O presidente de Ruanda, Paul Kagame, expressou sua concordância com as autoridades dos Estados Unidos sobre a urgência de um cessar-fogo na região leste da República Democrática do Congo (RDC). No entanto, não deu indícios de estar disposto a atender aos pedidos para a retirada das tropas ruandesas e dos rebeldes do M23, que recebem apoio do país, de Goma. Os insurgentes avançaram em direção a Goma, a principal cidade do leste da RDC, na segunda-feira, em uma das mais graves escaladas de um conflito que perdura há mais de uma década, resultando em hospitais lotados de pacientes feridos por balas, explosivos e fragmentos.
Os Estados Unidos solicitaram ao Conselho de Segurança das Nações Unidas na terça-feira que considerasse a adoção de medidas ainda não especificadas para interromper a ofensiva rebelde, que já forçou dezenas de milhares de pessoas a abandonar suas residências. O Conselho conta com autoridade para impor sanções.
Na cidade de Goma, localizada na província de Kivu do Norte, ocorreram saques em lojas e residências. Após vários dias de confrontos intensos, a situação na cidade estava, em grande parte, tranquila na quarta-feira, com algumas disparos isolados, conforme contado por moradores locais. “Tive uma conversa produtiva com o Secretário [de Estado Marco] Rubio sobre a necessidade de um cessar-fogo no leste da RDC e sobre como abordar as causas históricas do conflito de forma definitiva”, relatou Kagame em uma postagem.
Rubio expressou a Kagame que Washington estava “profundamente alarmado” com a escalada de um conflito que já dura três décadas, cujas raízes se encontram nas consequências do genocídio em Ruanda e nas disputas pelo controle dos recursos minerais no Congo. Tanto o Congo quanto o líder da missão de manutenção da paz da ONU afirmaram que tropas de Ruanda estão ativas em Goma, apoiando seus aliados do M23. Ruanda, por sua vez, defendeu que está apenas se protegendo da ameaça representada por milícias congolezas, sem confirmar diretamente se suas tropas cruzaram a fronteira.
O Secretário de Estado dos EUA pediu um cessar-fogo imediato na região e que todas as partes respeitem a soberania territorial. Por sua vez, fontes da ONU relataram que os Exércitos da RDC e de Ruanda trocaram tiros na fronteira no dia anterior, enquanto os rebeldes tentavam estabelecer controle sobre Goma, um ponto estratégico para o comércio de valiosos minérios, como estanho e tântalo, pela segunda vez em 13 anos.

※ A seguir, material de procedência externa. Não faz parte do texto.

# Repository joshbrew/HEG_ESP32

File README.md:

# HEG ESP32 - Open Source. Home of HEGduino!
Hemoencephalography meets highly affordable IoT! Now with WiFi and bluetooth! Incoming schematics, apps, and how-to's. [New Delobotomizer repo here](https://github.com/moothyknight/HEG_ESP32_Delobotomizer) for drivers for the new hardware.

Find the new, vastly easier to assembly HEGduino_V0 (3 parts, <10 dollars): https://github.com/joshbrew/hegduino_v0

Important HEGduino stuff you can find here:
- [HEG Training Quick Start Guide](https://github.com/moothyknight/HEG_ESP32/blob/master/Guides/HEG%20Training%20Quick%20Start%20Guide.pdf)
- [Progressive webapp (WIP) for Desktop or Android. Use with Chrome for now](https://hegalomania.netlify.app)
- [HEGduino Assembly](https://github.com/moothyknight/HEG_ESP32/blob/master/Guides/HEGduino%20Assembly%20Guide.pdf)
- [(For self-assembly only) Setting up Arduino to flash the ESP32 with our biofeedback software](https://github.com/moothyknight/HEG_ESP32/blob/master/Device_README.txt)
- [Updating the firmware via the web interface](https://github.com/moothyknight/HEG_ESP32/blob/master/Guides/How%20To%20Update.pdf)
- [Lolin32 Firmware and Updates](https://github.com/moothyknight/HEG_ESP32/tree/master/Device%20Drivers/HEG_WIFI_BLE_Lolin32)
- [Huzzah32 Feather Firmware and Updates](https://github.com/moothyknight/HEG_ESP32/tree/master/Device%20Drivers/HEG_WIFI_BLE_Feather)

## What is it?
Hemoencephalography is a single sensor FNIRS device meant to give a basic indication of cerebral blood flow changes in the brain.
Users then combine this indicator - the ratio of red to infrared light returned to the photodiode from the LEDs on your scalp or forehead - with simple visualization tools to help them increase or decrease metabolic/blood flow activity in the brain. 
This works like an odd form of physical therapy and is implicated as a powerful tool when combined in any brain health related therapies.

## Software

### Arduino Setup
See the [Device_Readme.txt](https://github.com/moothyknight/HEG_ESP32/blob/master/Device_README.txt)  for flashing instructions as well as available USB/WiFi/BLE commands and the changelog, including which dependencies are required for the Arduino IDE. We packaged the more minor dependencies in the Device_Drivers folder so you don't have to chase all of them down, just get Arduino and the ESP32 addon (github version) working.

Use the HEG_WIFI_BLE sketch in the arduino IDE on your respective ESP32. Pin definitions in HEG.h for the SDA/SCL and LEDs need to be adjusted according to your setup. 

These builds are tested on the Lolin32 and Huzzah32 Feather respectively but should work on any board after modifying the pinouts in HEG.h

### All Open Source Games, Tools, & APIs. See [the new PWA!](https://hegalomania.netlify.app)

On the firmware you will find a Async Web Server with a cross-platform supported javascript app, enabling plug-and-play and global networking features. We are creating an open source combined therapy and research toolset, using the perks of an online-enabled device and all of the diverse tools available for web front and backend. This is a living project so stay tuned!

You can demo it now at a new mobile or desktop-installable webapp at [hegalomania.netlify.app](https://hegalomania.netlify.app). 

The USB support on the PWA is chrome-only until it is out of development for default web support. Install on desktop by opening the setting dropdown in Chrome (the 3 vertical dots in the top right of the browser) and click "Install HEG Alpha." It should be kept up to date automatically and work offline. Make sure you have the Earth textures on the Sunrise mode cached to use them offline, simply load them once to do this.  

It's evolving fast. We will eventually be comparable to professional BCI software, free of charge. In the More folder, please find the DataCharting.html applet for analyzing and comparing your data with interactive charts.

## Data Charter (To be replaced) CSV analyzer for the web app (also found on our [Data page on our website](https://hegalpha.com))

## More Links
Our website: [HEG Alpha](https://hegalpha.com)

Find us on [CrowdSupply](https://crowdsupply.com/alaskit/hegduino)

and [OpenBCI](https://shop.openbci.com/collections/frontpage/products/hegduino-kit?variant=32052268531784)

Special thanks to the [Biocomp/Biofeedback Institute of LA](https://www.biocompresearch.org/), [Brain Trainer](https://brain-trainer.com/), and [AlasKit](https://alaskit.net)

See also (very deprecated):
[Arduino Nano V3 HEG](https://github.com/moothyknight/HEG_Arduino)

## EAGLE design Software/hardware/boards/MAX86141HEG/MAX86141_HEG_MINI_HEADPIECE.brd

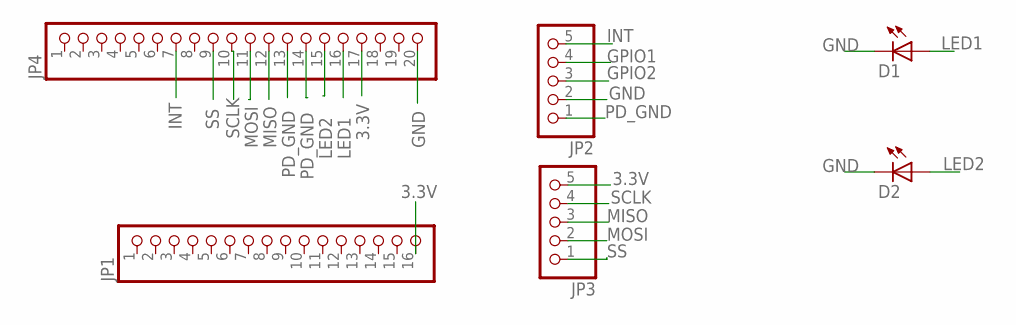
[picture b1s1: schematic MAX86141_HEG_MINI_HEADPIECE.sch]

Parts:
D1, D2: LED1206; LED-1206
JP1: PINHD-1X16; 1X16
JP2, JP3: PINHD-1X5; 1X05
JP4: PINHD-1X20; 1X20

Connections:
3.3V: JP1.16, JP3.5, JP4.17
GND: D1.C, D2.C, JP2.2, JP4.20
GPIO1: JP2.4
GPIO2: JP2.3
INT: JP2.5, JP4.7
LED1: D1.A, JP4.16
LED2: D2.A, JP4.15
MISO: JP3.3, JP4.12
MOSI: JP3.2, JP4.11
PD_GND: JP2.1, JP4.13, JP4.14
SCLK: JP3.4, JP4.10
SS: JP3.1, JP4.9

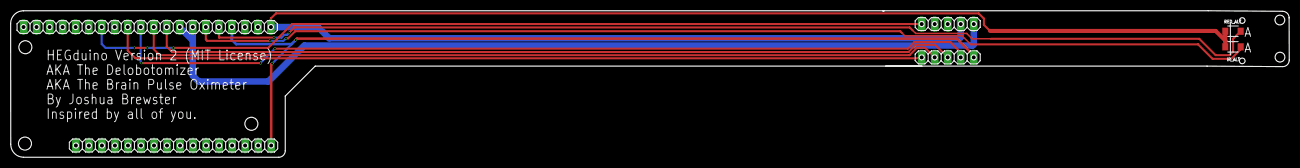
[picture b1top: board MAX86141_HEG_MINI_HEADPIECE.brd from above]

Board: 2 copper layers, 249.4 x 28.5 mm, 6 parts (0 on the bottom side), 10 nets.

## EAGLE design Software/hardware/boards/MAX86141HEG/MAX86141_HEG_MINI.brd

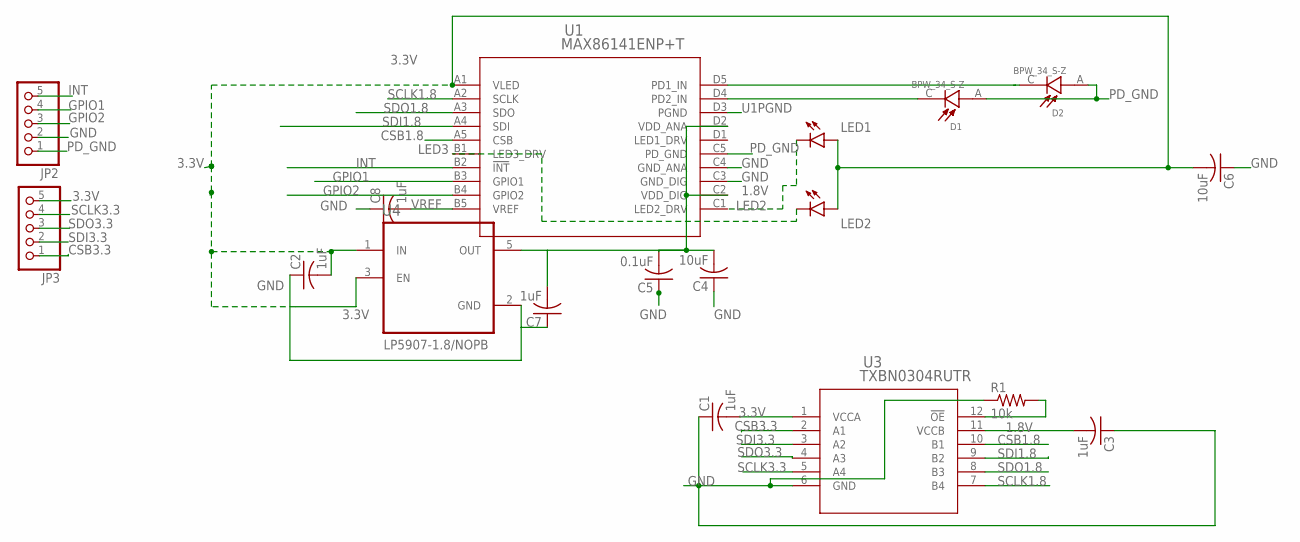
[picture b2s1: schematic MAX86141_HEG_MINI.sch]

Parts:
C1, C2, C3, C7, C8: 1uF; C0402
C4, C6: 10uF; C0402
C5: 0.1uF; C0402
D1, D2: BPW_34_S-Z; DIO_BPW_34_S-Z
JP2, JP3: PINHD-1X5; 1X05
LED1, LED2: LEDCHIPLED_1206; CHIPLED_1206
R1: 10k; R0402
U1: MAX86141ENP+T; 21-100134A_20
U3: TXBN0304RUTR; RUT12
U4: LP5907MFX-3.3/NOPB; SOT95P280X145-5N

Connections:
1.8V: C3.2, C4.2, C5.2, C7.2, U1.C2 (VDD_DIG), U1.D2 (VDD_ANA), U3.11 (VCCB), U4.5 (OUT)
3.3V: C1.2, C2.2, C6.2, JP3.5, LED1.A, LED2.A, U1.A1 (VLED), U3.1 (VCCA), U4.1 (IN), U4.3 (EN)
CSB1.8: U1.A5 (CSB), U3.10 (B1)
CSB3.3: JP3.1, U3.2 (A1)
GND: C1.1, C2.1, C3.1, C4.1, C5.1, C6.1, C7.1, C8.1, JP2.2, R1.1, U1.C3 (GND_DIG), U1.C4 (GND_ANA), U3.6 (GND), U4.2 (GND)
GPIO1: JP2.4, U1.B3 (GPIO1)
GPIO2: JP2.3, U1.B4 (GPIO2)
INT: JP2.5, U1.B2 (!INT)
LED2: LED1.C, U1.C1 (LED2_DRV)
LED3: LED2.C, U1.B1 (LED3_DRV)
OE: R1.2, U3.12 (!OE)
PD1_IN: D2.C, U1.D5 (PD1_IN)
PD2_IN: D1.C, U1.D4 (PD2_IN)
PD_GND: D1.A, D2.A, JP2.1, U1.C5 (PD_GND)
SCLK1.8: U1.A2 (SCLK), U3.7 (B4)
SCLK3.3: JP3.4, U3.5 (A4)
SDI1.8: U1.A4 (SDI), U3.9 (B2)
SDI3.3: JP3.2, U3.3 (A2)
SDO1.8: U1.A3 (SDO), U3.8 (B3)
SDO3.3: JP3.3, U3.4 (A3)
U1PGND: U1.D3 (PGND)
VREF: C8.2, U1.B5 (VREF)

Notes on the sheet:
LP5907-1.8/NOPB

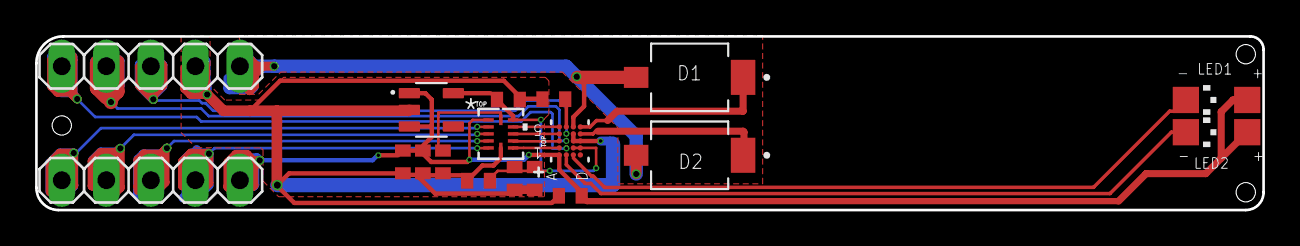
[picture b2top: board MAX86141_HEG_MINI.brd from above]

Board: 2 copper layers, 70.0 x 9.9 mm, 18 parts (0 on the bottom side), 21 nets.

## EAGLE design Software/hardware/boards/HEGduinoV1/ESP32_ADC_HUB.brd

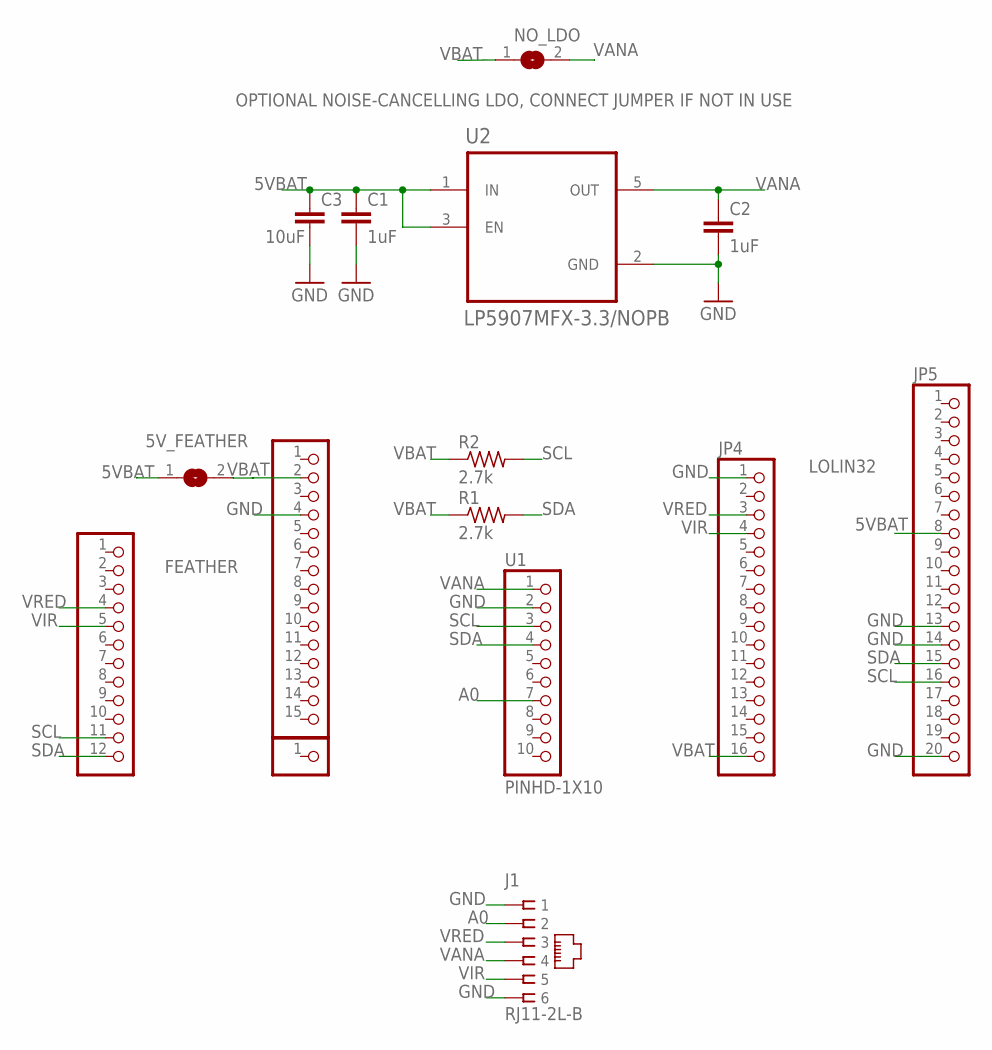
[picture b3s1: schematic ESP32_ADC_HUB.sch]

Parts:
5V_FEATHER: SJ
C1, C2: 1uF; C050-024X044
C3: 10uF; C050-024X044
J1: RJ11-2L-B; RJ11-NO_SHIELD
JP1: PINHD-1X12-CB; 1X12-CB
JP2: PINHD-1X15-CB; 1X15-CB
JP3: PINHD-1X1CB; 1X01-CLEANBIG
JP4: PINHD-1X16; 1X16
JP5: PINHD-1X20; 1X20
NO_LDO: SJ
R1, R2: 2.7k; 0204/7
U1: PINHD-1X10; 1X10-BIG
U2: LP5907MFX-3.3/NOPB; SOT95P280X145-5N

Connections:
5VBAT: 5V_FEATHER.1, C1.1, C3.1, JP5.8, U2.1 (IN), U2.3 (EN)
A0: J1.2, U1.7
GND: C1.2, C2.2, C3.2, J1.1, J1.6, JP2.4, JP4.1, JP5.13, JP5.14, JP5.20, U1.2, U2.2 (GND)
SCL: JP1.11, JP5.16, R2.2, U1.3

Em um estádio em Goma, na terça-feira, centenas de soldados do governo desarmados, juntamente com combatentes da milícia, estavam sentados no campo, enquanto outros se alinhavam em um que foi descrito como um processo de desarmamento pelos integrantes do M23, conforme um vídeo não verificado acessado. “Explosões e tiros ainda podem ser ouvidos em áreas periféricas de Goma. A noite foi tranquila após os rebeldes tomarem o centro, mas houve saques. Aeroporto, internet, eletricidade e água foram cortados”, relatou um cidadão por mensagem.
O M23 representa o mais recente episódio de uma sequência de revoltas lideradas por tutsis étnicos, apoiados por Ruanda, que têm gerado instabilidade no Congo desde o desfecho do genocídio em Ruanda, ocorrido há três décadas. Naquela época, extremistas hutus perpetraram um massacre contra tutsis e hutus moderados, antes de serem destituídos pelas forças tutsis sob liderança de Kagame. Ruanda alega que alguns dos responsáveis pelo genocídio se refugiaram no Congo, juntando-se a milícias que possuem vínculos com o governo congolês e que representam uma ameaça tanto para os tutsis congoleses quanto para a própria Ruanda.
O governo congolês rejeita as acusações de Ruanda e afirma que o país vizinho utiliza essas milícias para controlar e explorar minerais valiosos, como o coltan, que é utilizado na fabricação de smartphones. Na capital congolense, Kinshasa, a 1.600 quilômetros a oeste de Goma, manifestantes atacaram instalações da ONU e diversas embaixadas, incluindo as de Ruanda, França, Estados Unidos e Brasil, expressando ir indignação com o que consideram interferência externa.